Фридрих раздраженно вздохнул, вышел из палатки и резко шагнул к нему, сократив расстояние до минимума.
— Я хочу, чтобы ты не взорвался при первом же давлении, как перезрелый плод, — прошипел он. — Карл бы за пять минут вытянул из тебя правду. А мне не нужно, чтобы мои слова ставили под сомнение. Понятно? Ты теперь живешь под моим присмотром. Ты — мой проект. И я доведу его до конца.
Он ткнул пальцем в грудь Леннарда.
— Ты будешь делать то, что я скажу. Говорить то, что я скажу. И думать так, как я скажу. А если попробуешь выйти из роли... — он не договорил, но угроза в его голосе висела в воздухе, густая и неоспоримая.
Леннард отшатнулся, споткнувшись о шпильку палатки. Он промолчал, ощущая себя загнанным зверьком в клетке, а Фридриха — и своим тюремщиком, и единственным защитником в этом жестоком мире, который он сам же и создал.
Фридрих отвернулся, зашел в палатку и сел на свой матрас, начав вытирать сапоги тряпкой и демонстративно игнорируя Леннарда. Но он чувствовал на себе этот взгляд — полный страха, ненависти и какого-то непонятного, щемящего недоумения.

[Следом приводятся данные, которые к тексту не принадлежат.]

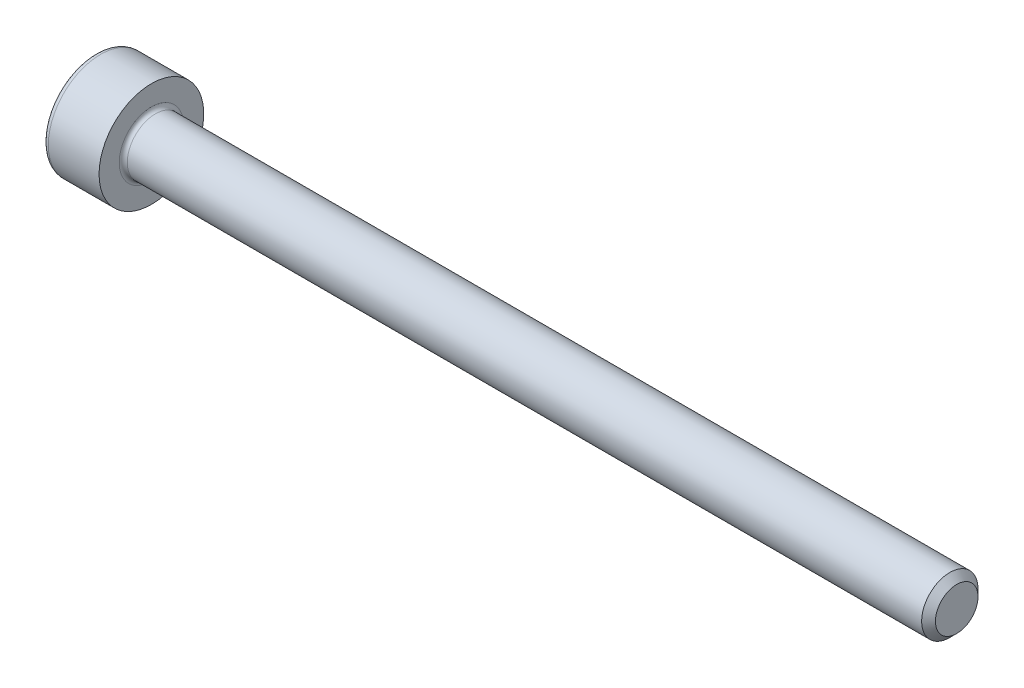
ISO-10303-21;
HEADER;
FILE_DESCRIPTION(('STEP AP214'),'2;1');
FILE_NAME('part.step','',(''),(''),'','','');
FILE_SCHEMA(('AUTOMOTIVE_DESIGN { 1 0 10303 214 1 1 1 1 }'));
ENDSEC;
DATA;
#1=APPLICATION_CONTEXT('core data for automotive mechanical design processes');
#2=APPLICATION_PROTOCOL_DEFINITION('international standard','automotive_design',2000,#1);
#3=PRODUCT_CONTEXT('',#1,'mechanical');
#4=PRODUCT('Part','Part','',(#3));
#5=PRODUCT_RELATED_PRODUCT_CATEGORY('part','',(#4));
#6=PRODUCT_DEFINITION_FORMATION('','',#4);
#7=PRODUCT_DEFINITION_CONTEXT('part definition',#1,'design');
#8=PRODUCT_DEFINITION('design','',#6,#7);
#9=PRODUCT_DEFINITION_SHAPE('','',#8);
#10=(LENGTH_UNIT() NAMED_UNIT(*) SI_UNIT(.MILLI.,.METRE.));
#11=(NAMED_UNIT(*) PLANE_ANGLE_UNIT() SI_UNIT($,.RADIAN.));
#12=(NAMED_UNIT(*) SI_UNIT($,.STERADIAN.) SOLID_ANGLE_UNIT());
#13=UNCERTAINTY_MEASURE_WITH_UNIT(LENGTH_MEASURE(1.E-05),#10,'distance_accuracy_value','');
#14=(GEOMETRIC_REPRESENTATION_CONTEXT(3) GLOBAL_UNCERTAINTY_ASSIGNED_CONTEXT((#13)) GLOBAL_UNIT_ASSIGNED_CONTEXT((#10,
#11,#12)) REPRESENTATION_CONTEXT('',''));
#15=CARTESIAN_POINT('',(0.,0.,0.));
#16=DIRECTION('',(0.,0.,1.));
#17=DIRECTION('',(1.,0.,0.));
#18=AXIS2_PLACEMENT_3D('',#15,#16,#17);
#19=CARTESIAN_POINT('',(0.,0.,0.));
#20=DIRECTION('',(-1.,0.,0.));
#21=DIRECTION('',(0.,0.,1.));
#22=AXIS2_PLACEMENT_3D('',#19,#20,#21);
#23=PLANE('',#22);
#24=DIRECTION('',(0.,-0.499999999999998,0.86602540378444));
#25=VECTOR('',#24,1.);
#26=CARTESIAN_POINT('',(0.,0.7621023553303,0.));
#27=LINE('',#26,#25);
#28=CARTESIAN_POINT('',(0.,0.7621023553303,0.));
#29=VERTEX_POINT('',#28);
#30=CARTESIAN_POINT('',(0.,0.381051177665149,0.659999999999998));
#31=VERTEX_POINT('',#30);
#32=EDGE_CURVE('E292',#29,#31,#27,.T.);
#33=ORIENTED_EDGE('',*,*,#32,.T.);
#34=DIRECTION('',(0.,1.,0.));
#35=VECTOR('',#34,1.);
#36=CARTESIAN_POINT('',(0.,-0.381051177665157,0.659999999999998));
#37=LINE('',#36,#35);
#38=CARTESIAN_POINT('',(0.,-0.381051177665157,0.659999999999998));
#39=VERTEX_POINT('',#38);
#40=EDGE_CURVE('E136',#39,#31,#37,.T.);
#41=ORIENTED_EDGE('',*,*,#40,.F.);
#42=DIRECTION('',(0.,-0.500000000000001,-0.866025403784438));
#43=VECTOR('',#42,1.);
#44=CARTESIAN_POINT('',(0.,-0.381051177665157,0.659999999999998));
#45=LINE('',#44,#43);
#46=CARTESIAN_POINT('',(0.,-0.76210235533031,0.));
#47=VERTEX_POINT('',#46);
#48=EDGE_CURVE('E297',#39,#47,#45,.T.);
#49=ORIENTED_EDGE('',*,*,#48,.T.);
#50=DIRECTION('',(0.,0.499999999999998,-0.86602540378444));
#51=VECTOR('',#50,1.);
#52=CARTESIAN_POINT('',(0.,-0.76210235533031,0.));
#53=LINE('',#52,#51);
#54=CARTESIAN_POINT('',(0.,-0.381051177665159,-0.660000000000002));
#55=VERTEX_POINT('',#54);
#56=EDGE_CURVE('E301',#47,#55,#53,.T.);
#57=ORIENTED_EDGE('',*,*,#56,.T.);
#58=DIRECTION('',(0.,-1.,0.));
#59=VECTOR('',#58,1.);
#60=CARTESIAN_POINT('',(0.,0.381051177665146,-0.660000000000002));
#61=LINE('',#60,#59);
#62=CARTESIAN_POINT('',(0.,0.381051177665146,-0.660000000000002));
#63=VERTEX_POINT('',#62);
#64=EDGE_CURVE('E305',#63,#55,#61,.T.);
#65=ORIENTED_EDGE('',*,*,#64,.F.);
#66=DIRECTION('',(0.,-0.500000000000001,-0.866025403784438));
#67=VECTOR('',#66,1.);
#68=CARTESIAN_POINT('',(0.,0.7621023553303,0.));
#69=LINE('',#68,#67);
#70=EDGE_CURVE('E131',#29,#63,#69,.T.);
#71=ORIENTED_EDGE('',*,*,#70,.F.);
#72=EDGE_LOOP('',(#33,#41,#49,#57,#65,#71));
#73=FACE_BOUND('',#72,.T.);
#74=CARTESIAN_POINT('',(0.,0.,0.));
#75=DIRECTION('',(-1.,0.,0.));
#76=DIRECTION('',(0.,0.,1.));
#77=AXIS2_PLACEMENT_3D('',#74,#75,#76);
#78=CIRCLE('',#77,1.16);
#79=CARTESIAN_POINT('',(0.,0.,1.16));
#80=VERTEX_POINT('',#79);
#81=EDGE_CURVE('E50',#80,#80,#78,.T.);
#82=ORIENTED_EDGE('',*,*,#81,.T.);
#83=EDGE_LOOP('',(#82));
#84=FACE_BOUND('',#83,.T.);
#85=ADVANCED_FACE('F41',(#73,#84),#23,.T.);
#86=CARTESIAN_POINT('',(-31.75,0.,0.));
#87=DIRECTION('',(-1.,0.,0.));
#88=DIRECTION('',(0.,0.,1.));
#89=AXIS2_PLACEMENT_3D('',#86,#87,#88);
#90=CYLINDRICAL_SURFACE('',#89,1.3);
#91=CARTESIAN_POINT('',(0.140000000000001,0.,0.));
#92=DIRECTION('',(-1.,0.,0.));
#93=DIRECTION('',(0.,0.,1.));
#94=AXIS2_PLACEMENT_3D('',#91,#92,#93);
#95=CIRCLE('',#94,1.3);
#96=CARTESIAN_POINT('',(0.140000000000001,0.,1.3));
#97=VERTEX_POINT('',#96);
#98=EDGE_CURVE('E11',#97,#97,#95,.F.);
#99=ORIENTED_EDGE('',*,*,#98,.T.);
#100=EDGE_LOOP('',(#99));
#101=FACE_BOUND('',#100,.T.);
#102=CARTESIAN_POINT('',(1.4,0.,0.));
#103=DIRECTION('',(-1.,0.,0.));
#104=DIRECTION('',(0.,0.,1.));
#105=AXIS2_PLACEMENT_3D('',#102,#103,#104);
#106=CIRCLE('',#105,1.3);
#107=CARTESIAN_POINT('',(1.4,0.,1.3));
#108=VERTEX_POINT('',#107);
#109=EDGE_CURVE('E160',#108,#108,#106,.T.);
#110=ORIENTED_EDGE('',*,*,#109,.T.);
#111=EDGE_LOOP('',(#110));
#112=FACE_BOUND('',#111,.T.);
#113=ADVANCED_FACE('F188',(#101,#112),#90,.T.);
#114=CARTESIAN_POINT('',(1.4,1.3,0.));
#115=DIRECTION('',(1.,0.,0.));
#116=DIRECTION('',(0.,0.,-1.));
#117=AXIS2_PLACEMENT_3D('',#114,#115,#116);
#118=PLANE('',#117);
#119=CARTESIAN_POINT('',(1.4,0.,0.));
#120=DIRECTION('',(1.,0.,0.));
#121=DIRECTION('',(0.,0.,-1.));
#122=AXIS2_PLACEMENT_3D('',#119,#120,#121);
#123=CIRCLE('',#122,0.799999999999998);
#124=CARTESIAN_POINT('',(1.4,0.,-0.799999999999998));
#125=VERTEX_POINT('',#124);
#126=EDGE_CURVE('E164',#125,#125,#123,.F.);
#127=ORIENTED_EDGE('',*,*,#126,.T.);
#128=EDGE_LOOP('',(#127));
#129=FACE_BOUND('',#128,.T.);
#130=ORIENTED_EDGE('',*,*,#109,.F.);
#131=EDGE_LOOP('',(#130));
#132=FACE_BOUND('',#131,.T.);
#133=ADVANCED_FACE('F194',(#129,#132),#118,.T.);
#134=CARTESIAN_POINT('',(-31.75,0.,0.));
#135=DIRECTION('',(-1.,0.,0.));
#136=DIRECTION('',(0.,0.,1.));
#137=AXIS2_PLACEMENT_3D('',#134,#135,#136);
#138=CYLINDRICAL_SURFACE('',#137,0.699999999999998);
#139=CARTESIAN_POINT('',(1.5,0.,0.));
#140=DIRECTION('',(1.,0.,0.));
#141=DIRECTION('',(0.,0.,-1.));
#142=AXIS2_PLACEMENT_3D('',#139,#140,#141);
#143=CIRCLE('',#142,0.699999999999998);
#144=CARTESIAN_POINT('',(1.5,0.,-0.699999999999998));
#145=VERTEX_POINT('',#144);
#146=EDGE_CURVE('E168',#145,#145,#143,.T.);
#147=ORIENTED_EDGE('',*,*,#146,.T.);
#148=EDGE_LOOP('',(#147));
#149=FACE_BOUND('',#148,.T.);
#150=CARTESIAN_POINT('',(21.2285,0.,0.));
#151=DIRECTION('',(-1.,0.,0.));
#152=DIRECTION('',(0.,0.,1.));
#153=AXIS2_PLACEMENT_3D('',#150,#151,#152);
#154=CIRCLE('',#153,0.699999999999997);
#155=CARTESIAN_POINT('',(21.2285,0.,0.699999999999997));
#156=VERTEX_POINT('',#155);
#157=EDGE_CURVE('E156',#156,#156,#154,.T.);
#158=ORIENTED_EDGE('',*,*,#157,.T.);
#159=EDGE_LOOP('',(#158));
#160=FACE_BOUND('',#159,.T.);
#161=ADVANCED_FACE('F200',(#149,#160),#138,.T.);
#162=CARTESIAN_POINT('',(21.4,0.,0.));
#163=DIRECTION('',(-1.,0.,0.));
#164=DIRECTION('',(0.,0.,1.));
#165=AXIS2_PLACEMENT_3D('',#162,#163,#164);
#166=CONICAL_SURFACE('',#165,0.5285,0.785398163397426);
#167=ORIENTED_EDGE('',*,*,#157,.F.);
#168=EDGE_LOOP('',(#167));
#169=FACE_BOUND('',#168,.T.);
#170=CARTESIAN_POINT('',(21.4,0.,0.));
#171=DIRECTION('',(-1.,0.,0.));
#172=DIRECTION('',(0.,0.,1.));
#173=AXIS2_PLACEMENT_3D('',#170,#171,#172);
#174=CIRCLE('',#173,0.5285);
#175=CARTESIAN_POINT('',(21.4,0.,0.5285));
#176=VERTEX_POINT('',#175);
#177=EDGE_CURVE('E151',#176,#176,#174,.T.);
#178=ORIENTED_EDGE('',*,*,#177,.T.);
#179=EDGE_LOOP('',(#178));
#180=FACE_BOUND('',#179,.T.);
#181=ADVANCED_FACE('F204',(#169,#180),#166,.T.);
#182=CARTESIAN_POINT('',(21.4,0.5285,0.));
#183=DIRECTION('',(1.,0.,0.));
#184=DIRECTION('',(0.,0.,-1.));
#185=AXIS2_PLACEMENT_3D('',#182,#183,#184);
#186=PLANE('',#185);
#187=ORIENTED_EDGE('',*,*,#177,.F.);
#188=EDGE_LOOP('',(#187));
#189=FACE_BOUND('',#188,.T.);
#190=ADVANCED_FACE('F184',(#189),#186,.T.);
#191=CARTESIAN_POINT('',(1.5,0.,0.));
#192=DIRECTION('',(1.,0.,0.));
#193=DIRECTION('',(0.,0.,-1.));
#194=AXIS2_PLACEMENT_3D('',#191,#192,#193);
#195=TOROIDAL_SURFACE('',#194,0.799999999999998,0.1);
#196=ORIENTED_EDGE('',*,*,#146,.F.);
#197=EDGE_LOOP('',(#196));
#198=FACE_BOUND('',#197,.T.);
#199=ORIENTED_EDGE('',*,*,#126,.F.);
#200=EDGE_LOOP('',(#199));
#201=FACE_BOUND('',#200,.T.);
#202=ADVANCED_FACE('F177',(#198,#201),#195,.F.);
#203=CARTESIAN_POINT('',(0.140000000000001,0.,0.));
#204=DIRECTION('',(-1.,0.,0.));
#205=DIRECTION('',(0.,0.,1.));
#206=AXIS2_PLACEMENT_3D('',#203,#204,#205);
#207=TOROIDAL_SURFACE('',#206,1.16,0.14);
#208=ORIENTED_EDGE('',*,*,#98,.F.);
#209=EDGE_LOOP('',(#208));
#210=FACE_BOUND('',#209,.T.);
#211=ORIENTED_EDGE('',*,*,#81,.F.);
#212=EDGE_LOOP('',(#211));
#213=FACE_BOUND('',#212,.T.);
#214=ADVANCED_FACE('F43',(#210,#213),#207,.T.);
#215=CARTESIAN_POINT('',(0.6,0.7621023553303,0.));
#216=DIRECTION('',(0.,-0.86602540378444,-0.499999999999998));
#217=DIRECTION('',(0.,0.499999999999998,-0.86602540378444));
#218=AXIS2_PLACEMENT_3D('',#215,#216,#217);
#219=PLANE('',#218);
#220=ORIENTED_EDGE('',*,*,#32,.F.);
#221=DIRECTION('',(-1.,0.,0.));
#222=VECTOR('',#221,1.);
#223=CARTESIAN_POINT('',(0.6,0.7621023553303,0.));
#224=LINE('',#223,#222);
#225=CARTESIAN_POINT('',(0.6,0.7621023553303,0.));
#226=VERTEX_POINT('',#225);
#227=EDGE_CURVE('E291',#226,#29,#224,.T.);
#228=ORIENTED_EDGE('',*,*,#227,.F.);
#229=DIRECTION('',(0.,-0.499999999999998,0.86602540378444));
#230=VECTOR('',#229,1.);
#231=CARTESIAN_POINT('',(0.6,0.7621023553303,0.));
#232=LINE('',#231,#230);
#233=CARTESIAN_POINT('',(0.6,0.57157676649773,0.329999999999998));
#234=VERTEX_POINT('',#233);
#235=EDGE_CURVE('E57',#226,#234,#232,.T.);
#236=ORIENTED_EDGE('',*,*,#235,.T.);
#237=CARTESIAN_POINT('',(0.6,0.381051177665149,0.659999999999998));
#238=VERTEX_POINT('',#237);
#239=EDGE_CURVE('E115',#234,#238,#232,.T.);
#240=ORIENTED_EDGE('',*,*,#239,.T.);
#241=DIRECTION('',(-1.,0.,0.));
#242=VECTOR('',#241,1.);
#243=CARTESIAN_POINT('',(0.6,0.381051177665149,0.659999999999998));
#244=LINE('',#243,#242);
#245=EDGE_CURVE('E128',#238,#31,#244,.T.);
#246=ORIENTED_EDGE('',*,*,#245,.T.);
#247=EDGE_LOOP('',(#220,#228,#236,#240,#246));
#248=FACE_BOUND('',#247,.T.);
#249=ADVANCED_FACE('F127',(#248),#219,.T.);
#250=CARTESIAN_POINT('',(0.6,-0.381051177665157,0.659999999999998));
#251=DIRECTION('',(0.,0.,1.));
#252=DIRECTION('',(0.,-1.,0.));
#253=AXIS2_PLACEMENT_3D('',#250,#251,#252);
#254=PLANE('',#253);
#255=ORIENTED_EDGE('',*,*,#40,.T.);
#256=ORIENTED_EDGE('',*,*,#245,.F.);
#257=DIRECTION('',(0.,1.,0.));
#258=VECTOR('',#257,1.);
#259=CARTESIAN_POINT('',(0.6,-0.381051177665157,0.659999999999998));
#260=LINE('',#259,#258);
#261=CARTESIAN_POINT('',(0.6,0.,0.659999999999998));
#262=VERTEX_POINT('',#261);
#263=EDGE_CURVE('E113',#262,#238,#260,.T.);
#264=ORIENTED_EDGE('',*,*,#263,.F.);
#265=CARTESIAN_POINT('',(0.6,-0.381051177665157,0.659999999999998));
#266=VERTEX_POINT('',#265);
#267=EDGE_CURVE('E124',#266,#262,#260,.T.);
#268=ORIENTED_EDGE('',*,*,#267,.F.);
#269=DIRECTION('',(-1.,0.,0.));
#270=VECTOR('',#269,1.);
#271=CARTESIAN_POINT('',(0.6,-0.381051177665157,0.659999999999998));
#272=LINE('',#271,#270);
#273=EDGE_CURVE('E139',#266,#39,#272,.T.);
#274=ORIENTED_EDGE('',*,*,#273,.T.);
#275=EDGE_LOOP('',(#255,#256,#264,#268,#274));
#276=FACE_BOUND('',#275,.T.);
#277=ADVANCED_FACE('F133',(#276),#254,.F.);
#278=CARTESIAN_POINT('',(0.6,-0.381051177665157,0.659999999999998));
#279=DIRECTION('',(0.,0.866025403784438,-0.500000000000001));
#280=DIRECTION('',(0.,0.500000000000001,0.866025403784438));
#281=AXIS2_PLACEMENT_3D('',#278,#279,#280);
#282=PLANE('',#281);
#283=ORIENTED_EDGE('',*,*,#48,.F.);
#284=ORIENTED_EDGE('',*,*,#273,.F.);
#285=DIRECTION('',(0.,-0.500000000000001,-0.866025403784438));
#286=VECTOR('',#285,1.);
#287=CARTESIAN_POINT('',(0.6,-0.381051177665157,0.659999999999998));
#288=LINE('',#287,#286);
#289=CARTESIAN_POINT('',(0.6,-0.571576766497731,0.330000000000002));
#290=VERTEX_POINT('',#289);
#291=EDGE_CURVE('E266',#266,#290,#288,.T.);
#292=ORIENTED_EDGE('',*,*,#291,.T.);
#293=CARTESIAN_POINT('',(0.6,-0.76210235533031,0.));
#294=VERTEX_POINT('',#293);
#295=EDGE_CURVE('E268',#290,#294,#288,.T.);
#296=ORIENTED_EDGE('',*,*,#295,.T.);
#297=DIRECTION('',(-1.,0.,0.));
#298=VECTOR('',#297,1.);
#299=CARTESIAN_POINT('',(0.6,-0.76210235533031,0.));
#300=LINE('',#299,#298);
#301=EDGE_CURVE('E146',#294,#47,#300,.T.);
#302=ORIENTED_EDGE('',*,*,#301,.T.);
#303=EDGE_LOOP('',(#283,#284,#292,#296,#302));
#304=FACE_BOUND('',#303,.T.);
#305=ADVANCED_FACE('F217',(#304),#282,.T.);
#306=CARTESIAN_POINT('',(0.6,-0.76210235533031,0.));
#307=DIRECTION('',(0.,0.86602540378444,0.499999999999998));
#308=DIRECTION('',(0.,-0.499999999999998,0.86602540378444));
#309=AXIS2_PLACEMENT_3D('',#306,#307,#308);
#310=PLANE('',#309);
#311=ORIENTED_EDGE('',*,*,#56,.F.);
#312=ORIENTED_EDGE('',*,*,#301,.F.);
#313=DIRECTION('',(0.,0.499999999999998,-0.86602540378444));
#314=VECTOR('',#313,1.);
#315=CARTESIAN_POINT('',(0.6,-0.76210235533031,0.));
#316=LINE('',#315,#314);
#317=CARTESIAN_POINT('',(0.6,-0.571576766497735,-0.330000000000001));
#318=VERTEX_POINT('',#317);
#319=EDGE_CURVE('E271',#294,#318,#316,.T.);
#320=ORIENTED_EDGE('',*,*,#319,.T.);
#321=CARTESIAN_POINT('',(0.6,-0.381051177665159,-0.660000000000002));
#322=VERTEX_POINT('',#321);
#323=EDGE_CURVE('E277',#318,#322,#316,.T.);
#324=ORIENTED_EDGE('',*,*,#323,.T.);
#325=DIRECTION('',(-1.,0.,0.));
#326=VECTOR('',#325,1.);
#327=CARTESIAN_POINT('',(0.6,-0.381051177665159,-0.660000000000002));
#328=LINE('',#327,#326);
#329=EDGE_CURVE('E318',#322,#55,#328,.T.);
#330=ORIENTED_EDGE('',*,*,#329,.T.);
#331=EDGE_LOOP('',(#311,#312,#320,#324,#330));
#332=FACE_BOUND('',#331,.T.);
#333=ADVANCED_FACE('F220',(#332),#310,.T.);
#334=CARTESIAN_POINT('',(0.6,0.381051177665146,-0.660000000000002));
#335=DIRECTION('',(0.,0.,-1.));
#336=DIRECTION('',(0.,1.,0.));
#337=AXIS2_PLACEMENT_3D('',#334,#335,#336);
#338=PLANE('',#337);
#339=ORIENTED_EDGE('',*,*,#64,.T.);
#340=ORIENTED_EDGE('',*,*,#329,.F.);
#341=DIRECTION('',(0.,-1.,0.));
#342=VECTOR('',#341,1.);
#343=CARTESIAN_POINT('',(0.6,0.381051177665146,-0.660000000000002));
#344=LINE('',#343,#342);
#345=CARTESIAN_POINT('',(0.6,0.,-0.660000000000002));
#346=VERTEX_POINT('',#345);
#347=EDGE_CURVE('E283',#346,#322,#344,.T.);
#348=ORIENTED_EDGE('',*,*,#347,.F.);
#349=CARTESIAN_POINT('',(0.6,0.381051177665146,-0.660000000000002));
#350=VERTEX_POINT('',#349);
#351=EDGE_CURVE('E284',#350,#346,#344,.T.);
#352=ORIENTED_EDGE('',*,*,#351,.F.);
#353=DIRECTION('',(-1.,0.,0.));
#354=VECTOR('',#353,1.);
#355=CARTESIAN_POINT('',(0.6,0.381051177665146,-0.660000000000002));
#356=LINE('',#355,#354);
#357=EDGE_CURVE('E314',#350,#63,#356,.T.);
#358=ORIENTED_EDGE('',*,*,#357,.T.);
#359=EDGE_LOOP('',(#339,#340,#348,#352,#358));
#360=FACE_BOUND('',#359,.T.);
#361=ADVANCED_FACE('F224',(#360),#338,.F.);
#362=CARTESIAN_POINT('',(0.6,0.7621023553303,0.));
#363=DIRECTION('',(0.,0.866025403784438,-0.500000000000001));
#364=DIRECTION('',(0.,0.500000000000001,0.866025403784438));
#365=AXIS2_PLACEMENT_3D('',#362,#363,#364);
#366=PLANE('',#365);
#367=ORIENTED_EDGE('',*,*,#70,.T.);
#368=ORIENTED_EDGE('',*,*,#357,.F.);
#369=DIRECTION('',(0.,-0.500000000000001,-0.866025403784438));
#370=VECTOR('',#369,1.);
#371=CARTESIAN_POINT('',(0.6,0.7621023553303,0.));
#372=LINE('',#371,#370);
#373=CARTESIAN_POINT('',(0.6,0.571576766497725,-0.329999999999998));
#374=VERTEX_POINT('',#373);
#375=EDGE_CURVE('E288',#374,#350,#372,.T.);
#376=ORIENTED_EDGE('',*,*,#375,.F.);
#377=EDGE_CURVE('E256',#226,#374,#372,.T.);
#378=ORIENTED_EDGE('',*,*,#377,.F.);
#379=ORIENTED_EDGE('',*,*,#227,.T.);
#380=EDGE_LOOP('',(#367,#368,#376,#378,#379));
#381=FACE_BOUND('',#380,.T.);
#382=ADVANCED_FACE('F228',(#381),#366,.F.);
#383=CARTESIAN_POINT('',(0.6,0.381051177665149,0.659999999999998));
#384=DIRECTION('',(-1.,0.,0.));
#385=DIRECTION('',(0.,0.,1.));
#386=AXIS2_PLACEMENT_3D('',#383,#384,#385);
#387=PLANE('',#386);
#388=CARTESIAN_POINT('',(0.6,0.,0.));
#389=DIRECTION('',(-1.,0.,0.));
#390=DIRECTION('',(0.,0.,1.));
#391=AXIS2_PLACEMENT_3D('',#388,#389,#390);
#392=CIRCLE('',#391,0.659999999999999);
#393=EDGE_CURVE('E138',#290,#262,#392,.T.);
#394=ORIENTED_EDGE('',*,*,#393,.F.);
#395=ORIENTED_EDGE('',*,*,#291,.F.);
#396=ORIENTED_EDGE('',*,*,#267,.T.);
#397=EDGE_LOOP('',(#394,#395,#396));
#398=FACE_BOUND('',#397,.T.);
#399=ADVANCED_FACE('F232',(#398),#387,.T.);
#400=EDGE_CURVE('E144',#318,#290,#392,.T.);
#401=ORIENTED_EDGE('',*,*,#400,.F.);
#402=ORIENTED_EDGE('',*,*,#319,.F.);
#403=ORIENTED_EDGE('',*,*,#295,.F.);
#404=EDGE_LOOP('',(#401,#402,#403));
#405=FACE_BOUND('',#404,.T.);
#406=ADVANCED_FACE('F235',(#405),#387,.T.);
#407=EDGE_CURVE('E330',#346,#318,#392,.T.);
#408=ORIENTED_EDGE('',*,*,#407,.F.);
#409=ORIENTED_EDGE('',*,*,#347,.T.);
#410=ORIENTED_EDGE('',*,*,#323,.F.);
#411=EDGE_LOOP('',(#408,#409,#410));
#412=FACE_BOUND('',#411,.T.);
#413=ADVANCED_FACE('F240',(#412),#387,.T.);
#414=EDGE_CURVE('E260',#374,#346,#392,.T.);
#415=ORIENTED_EDGE('',*,*,#414,.F.);
#416=ORIENTED_EDGE('',*,*,#375,.T.);
#417=ORIENTED_EDGE('',*,*,#351,.T.);
#418=EDGE_LOOP('',(#415,#416,#417));
#419=FACE_BOUND('',#418,.T.);
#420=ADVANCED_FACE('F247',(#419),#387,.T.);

Он спас свою ложь. Сохранил лицо. Но почему-то эта вынужденная близость, необходимость теперь постоянно контролировать Леннарда, чувствовать его дыхание и его страх, злила его еще сильнее, чем прежде. Он загнал себя в ловушку, и теперь им двоим предстояло провести в этой клетке из брезента и лжи долгие часы и дни.